[[ PROVIDED INFORMATION, beginning ]]

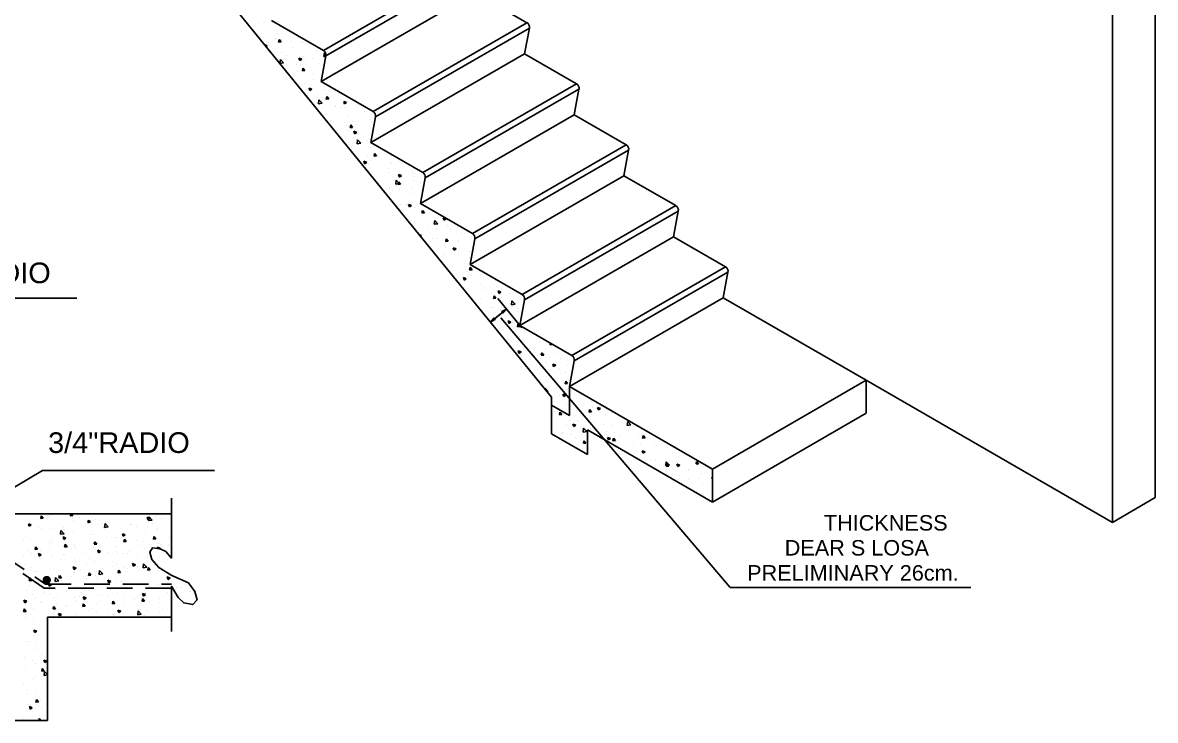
# Model space of a CAD drawing. Header units: millimetres. Extents: x 221 to 543, y -43 to 148.
# Drawn here: x 367.38 to 378.35, y 126.7 to 133.46 of the extents above; entities that cross this region are included whole.
import ezdxf

# ---------------------------------------------------------------- set-up
doc = ezdxf.new("R2010")
doc.units = ezdxf.units.MM
doc.linetypes.add('HIDDEN', pattern=[0.375, 0.25, -0.125])
for name, color, linetype in [('NOTAS', 7, 'Continuous'), ('SOMBRAS', 7, 'Continuous'), ('TRAZO', 7, 'Continuous')]:
    doc.layers.add(name, color=color, linetype=linetype)
doc.styles.add('HELV', font='HELVC-MS.SHX')

# ---------------------------------------------------------------- blocks, each defined once
blk = doc.blocks.new('*X16')
at = {"color": 0}
for p, q in [((-357.55, 245.4), (-357.55, 245.4)), ((-355.97, 245.33), (-355.97, 245.33)), ((-365.4, 241.81), (-365.4, 241.81)), ((-361.57, 241.48), (-361.57, 241.48)), ((-360.66, 242.78), (-360.66, 242.78)), ((-360.18, 241.45), (-360.18, 241.45)), ((-360.07, 241.59), (-360.07, 241.59)), ((-356.44, 242.19), (-356.44, 242.19)), ((-354.82, 243.78), (-354.82, 243.78)), ((-366.76, 240.73), (-366.76, 240.73)), ((-366.47, 240.63), (-366.47, 240.63)), ((-364.09, 239.58), (-364.09, 239.58)), ((-363.97, 240.96), (-363.97, 240.96)), ((-361.41, 240.8), (-360.93, 241.37)), ((-361.41, 240.8), (-360.81, 240.74)), ((-360.81, 240.74), (-360.93, 241.37)), ((-358.26, 240.59), (-358.26, 240.59)), ((-358.06, 239.85), (-357.48, 240.07)), ((-358.06, 239.85), (-357.8, 239.68)), ((-372.28, 237.82), (-371.92, 238.2)), ((-372.25, 237.32), (-371.81, 237.25)), ((-371.94, 236.76), (-371.94, 236.76)), ((-371.81, 237.25), (-371.92, 238.2)), ((-369.92, 238.58), (-369.92, 238.58)), ((-369.1, 236.68), (-369.1, 236.68)), ((-367.35, 236.7), (-367.35, 236.7)), ((-366.89, 237.4), (-366.89, 237.4)), ((-366.6, 237.01), (-366.6, 237.01)), ((-366.46, 236.62), (-365.76, 236.89)), ((-366.46, 236.62), (-365.96, 236.29)), ((-365.96, 236.29), (-365.76, 236.89)), ((-362.81, 237.51), (-362.81, 237.51)), ((-362.02, 235.73), (-361.25, 236.54)), ((-362.01, 236.48), (-362.01, 236.48)), ((-361.69, 238.15), (-361.69, 238.15)), ((-361.14, 235.59), (-361.25, 236.54)), ((-370.58, 235.59), (-370.58, 235.59)), ((-367.19, 233.9), (-366.71, 234.48)), ((-367.19, 233.9), (-366.6, 233.85)), ((-367.01, 234.07), (-367.01, 234.07)), ((-366.6, 233.85), (-366.71, 234.48)), ((-366.1, 235.08), (-366.1, 235.08)), ((-365.44, 233.57), (-365.44, 233.57)), ((-365.24, 235.36), (-365.24, 235.36)), ((-362.02, 235.73), (-361.14, 235.59)), ((-361.81, 234.82), (-361.81, 234.82)), ((-369.34, 231.62), (-369.34, 231.62)), ((-369.23, 233.07), (-369.23, 233.07)), ((-367.13, 230.74), (-367.13, 230.74)), ((-374.36, 228.79), (-374.36, 228.79)), ((-372.35, 228.12), (-372.35, 228.12)), ((-372.18, 230.1), (-372.18, 230.1)), ((-371.86, 229.12), (-371.86, 229.12)), ((-368.89, 229.37), (-368.19, 229.64)), ((-368.89, 229.37), (-368.4, 229.04)), ((-368.4, 229.04), (-368.19, 229.64)), ((-368.07, 229.62), (-368.07, 229.62)), ((-366.52, 229.12), (-366.52, 229.12)), ((-379.86, 225.62), (-379.86, 225.62)), ((-378.18, 227.12), (-378.18, 227.12)), ((-377.44, 226.07), (-377.44, 226.07)), ((-377.3, 226.15), (-376.6, 226.42)), ((-377.3, 226.15), (-376.8, 225.81)), ((-376.8, 225.81), (-376.6, 226.42)), ((-376.63, 226.74), (-376.63, 226.74)), ((-374.52, 225.39), (-374.52, 225.39)), ((-374.49, 225.18), (-374.49, 225.18)), ((-372.98, 227.01), (-372.5, 227.58)), ((-372.98, 227.01), (-372.38, 226.96)), ((-372.38, 226.96), (-372.5, 227.58)), ((-372.3, 226.78), (-372.3, 226.78)), ((-371.37, 225.99), (-370.59, 226.8)), ((-371.37, 225.99), (-370.48, 225.85)), ((-371.29, 226.51), (-371.29, 226.51)), ((-370.7, 225.68), (-370.7, 225.68)), ((-370.48, 225.85), (-370.59, 226.8)), ((-369.95, 225.92), (-369.95, 225.92)), ((-383.31, 224.02), (-383.31, 224.02)), ((-381.62, 223.92), (-381.62, 223.92)), ((-377.56, 222.74), (-377.56, 222.74)), ((-376.99, 224.85), (-376.99, 224.85)), ((-375.78, 224.92), (-375.78, 224.92)), ((-372.42, 223.45), (-372.42, 223.45)), ((-383.96, 221.88), (-383.96, 221.88)), ((-382.75, 221.99), (-382.75, 221.99)), ((-379.62, 220.91), (-379.62, 220.91)), ((-378.76, 220.11), (-378.28, 220.69)), ((-378.76, 220.11), (-378.17, 220.06)), ((-378.62, 221.65), (-378.62, 221.65)), ((-378.17, 220.06), (-378.28, 220.69)), ((-377.8, 220.42), (-377.8, 220.42)), ((-377.12, 221.23), (-377.12, 221.23)), ((-373.33, 221.73), (-373.33, 221.73)), ((-373.28, 221.43), (-373.28, 221.43)), ((-383.63, 219.42), (-383.63, 219.42)), ((-382.87, 218.66), (-382.87, 218.66)), ((-382.25, 216.96), (-382.25, 216.96)), ((-380.72, 216.25), (-379.94, 217.06)), ((-379.83, 216.11), (-379.94, 217.06)), ((-379.75, 217.29), (-379.75, 217.29)), ((-379.73, 218.89), (-379.03, 219.16)), ((-379.73, 218.89), (-379.23, 218.56)), ((-379.23, 218.56), (-379.03, 219.16)), ((-377.68, 219.41), (-377.68, 219.41)), ((-375.96, 217.79), (-375.96, 217.79)), ((-383.79, 215.43), (-383.79, 215.43)), ((-382.99, 215.34), (-382.99, 215.34)), ((-380.72, 216.25), (-379.83, 216.11)), ((-380.56, 216.54), (-380.56, 216.54)), ((-378.46, 215.2), (-378.46, 215.2)), ((-377.8, 216.08), (-377.8, 216.08)), ((-389.87, 212.45), (-389.87, 212.45)), ((-388.17, 211.37), (-388.17, 211.37)), ((-387.89, 211.69), (-387.89, 211.69)), ((-384.88, 213.02), (-384.88, 213.02)), ((-384.55, 213.22), (-384.07, 213.79)), ((-384.55, 213.22), (-383.95, 213.17)), ((-383.95, 213.17), (-384.07, 213.79)), ((-384.04, 213.45), (-384.04, 213.45)), ((-383.12, 212.01), (-383.12, 212.01)), ((-382.55, 211.46), (-382.55, 211.46)), ((-382.38, 213.35), (-382.38, 213.35)), ((-382.16, 211.64), (-381.46, 211.91)), ((-382.16, 211.64), (-381.66, 211.31)), ((-381.66, 211.31), (-381.46, 211.91)), ((-381.65, 211.26), (-381.65, 211.26)), ((-393.31, 209.25), (-393.31, 209.25)), ((-390.56, 208.42), (-389.86, 208.69)), ((-390.07, 208.08), (-389.86, 208.69)), ((-387.51, 209.07), (-387.51, 209.07)), ((-387.48, 210.25), (-387.48, 210.25)), ((-385.01, 209.4), (-385.01, 209.4)), ((-383.24, 208.68), (-383.24, 208.68)), ((-395.18, 206.8), (-395.18, 206.8)), ((-393.83, 208.24), (-393.83, 208.24)), ((-393.42, 207.33), (-393.42, 207.33)), ((-390.56, 208.42), (-390.07, 208.08)), ((-390.33, 206.33), (-389.85, 206.9)), ((-390.33, 206.33), (-389.74, 206.27)), ((-390.06, 206.51), (-389.29, 207.32)), ((-390.06, 206.51), (-389.18, 206.37)), ((-389.74, 206.27), (-389.85, 206.9)), ((-389.84, 206.58), (-389.84, 206.58)), ((-389.49, 205.75), (-389.49, 205.75)), ((-389.18, 206.37), (-389.29, 207.32)), ((-388.29, 208.04), (-388.29, 208.04)), ((-395.32, 204.75), (-395.32, 204.75)), ((-393.55, 204), (-393.55, 204)), ((-393.07, 205.46), (-393.07, 205.46)), ((-390.15, 205.13), (-390.15, 205.13)), ((-388.41, 204.71), (-388.41, 204.71)), ((-387.73, 205.23), (-387.73, 205.23)), ((-387.64, 205.46), (-387.64, 205.46)), ((-393.67, 200.67), (-393.67, 200.67)), ((-393, 201.17), (-392.3, 201.44)), ((-393, 201.17), (-392.5, 200.83)), ((-392.78, 201.18), (-392.78, 201.18)), ((-392.5, 200.83), (-392.3, 201.44)), ((-391.83, 201.49), (-391.83, 201.49)), ((-390.27, 201.51), (-390.27, 201.51)), ((-401.57, 197.79), (-401.57, 197.79)), ((-401.4, 197.94), (-400.7, 198.21)), ((-401.4, 197.94), (-400.9, 197.61)), ((-400.9, 197.61), (-400.7, 198.21)), ((-399.41, 196.77), (-398.63, 197.58)), ((-398.52, 196.63), (-398.63, 197.58)), ((-396.12, 199.43), (-395.64, 200.01)), ((-396.12, 199.43), (-395.52, 199.38)), ((-395.73, 198.79), (-395.73, 198.79)), ((-395.52, 199.38), (-395.64, 200.01)), ((-392.9, 197.57), (-392.9, 197.57)), ((-404.03, 195.96), (-404.03, 195.96)), ((-402.34, 195.49), (-402.34, 195.49)), ((-401.72, 196.41), (-401.72, 196.41)), ((-399.41, 196.77), (-398.52, 196.63)), ((-399.17, 195.59), (-399.17, 195.59)), ((-399.11, 196.61), (-399.11, 196.61)), ((-398.98, 196.6), (-398.98, 196.6)), ((-397.01, 195.26), (-397.01, 195.26)), ((-395.41, 197.24), (-395.41, 197.24)), ((-393.79, 197.35), (-393.79, 197.35)), ((-393.78, 196.38), (-393.78, 196.38)), ((-393.34, 196.59), (-393.34, 196.59)), ((-405, 194.59), (-405, 194.59)), ((-404.35, 192.46), (-404.35, 192.46)), ((-404.15, 192.63), (-404.15, 192.63)), ((-401.9, 192.54), (-401.42, 193.11)), ((-401.9, 192.54), (-401.31, 192.48)), ((-401.31, 192.48), (-401.42, 193.11)), ((-399.1, 193.27), (-399.1, 193.27)), ((-398.04, 193.3), (-398.04, 193.3)), ((-395.53, 193.63), (-395.53, 193.63)), ((-395.43, 193.91), (-394.88, 194.12)), ((-395.43, 193.91), (-395.19, 193.75)), ((-408.14, 191.97), (-408.14, 191.97)), ((-407.02, 190.09), (-407.02, 190.09)), ((-406.44, 191.75), (-406.44, 191.75)), ((-404.28, 189.3), (-404.28, 189.3)), ((-403.83, 190.69), (-403.13, 190.96)), ((-403.83, 190.69), (-403.34, 190.35)), ((-403.34, 190.35), (-403.13, 190.96)), ((-401.18, 191.09), (-401.18, 191.09)), ((-401.1, 191.52), (-401.1, 191.52)), ((-400.67, 189.35), (-400.67, 189.35)), ((-399.23, 189.94), (-399.23, 189.94)), ((-406.98, 188.52), (-406.98, 188.52)), ((-409.61, 184.58), (-409.61, 184.58)), ((-409.53, 185.27), (-409.53, 185.27)), ((-407.69, 185.64), (-407.21, 186.22)), ((-407.69, 185.64), (-407.09, 185.59)), ((-407.43, 184.12), (-407.43, 184.12)), ((-407.09, 185.59), (-407.21, 186.22)), ((-406.28, 185.3), (-406.28, 185.3)), ((-404.4, 185.97), (-404.4, 185.97)), ((-403.3, 185.41), (-403.3, 185.41)), ((-403.05, 186.41), (-403.05, 186.41)), ((-415.72, 181.78), (-415.72, 181.78)), ((-414.85, 181.19), (-414.85, 181.19)), ((-413.26, 183.12), (-413.26, 183.12)), ((-410.38, 181.56), (-410.38, 181.56)), ((-409.65, 181.94), (-409.65, 181.94)), ((-406.27, 183.44), (-405.57, 183.71)), ((-406.27, 183.44), (-405.77, 183.1)), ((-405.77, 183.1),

[[ PROVIDED INFORMATION, end ]]

● **INSTRUCTIONS FOR THE TASK**
Go to the line with "# Drawn here: x" in the entries above and repeat every line from there through the line with "doc.units = ezdxf.units.MM", exactly and with no other text.

● **RESULT OF THE EXERCISE**
# Drawn here: x 367.38 to 378.35, y 126.7 to 133.46 of the extents above; entities that cross this region are included whole.
import ezdxf

# ---------------------------------------------------------------- set-up
doc = ezdxf.new("R2010")
doc.units = ezdxf.units.MM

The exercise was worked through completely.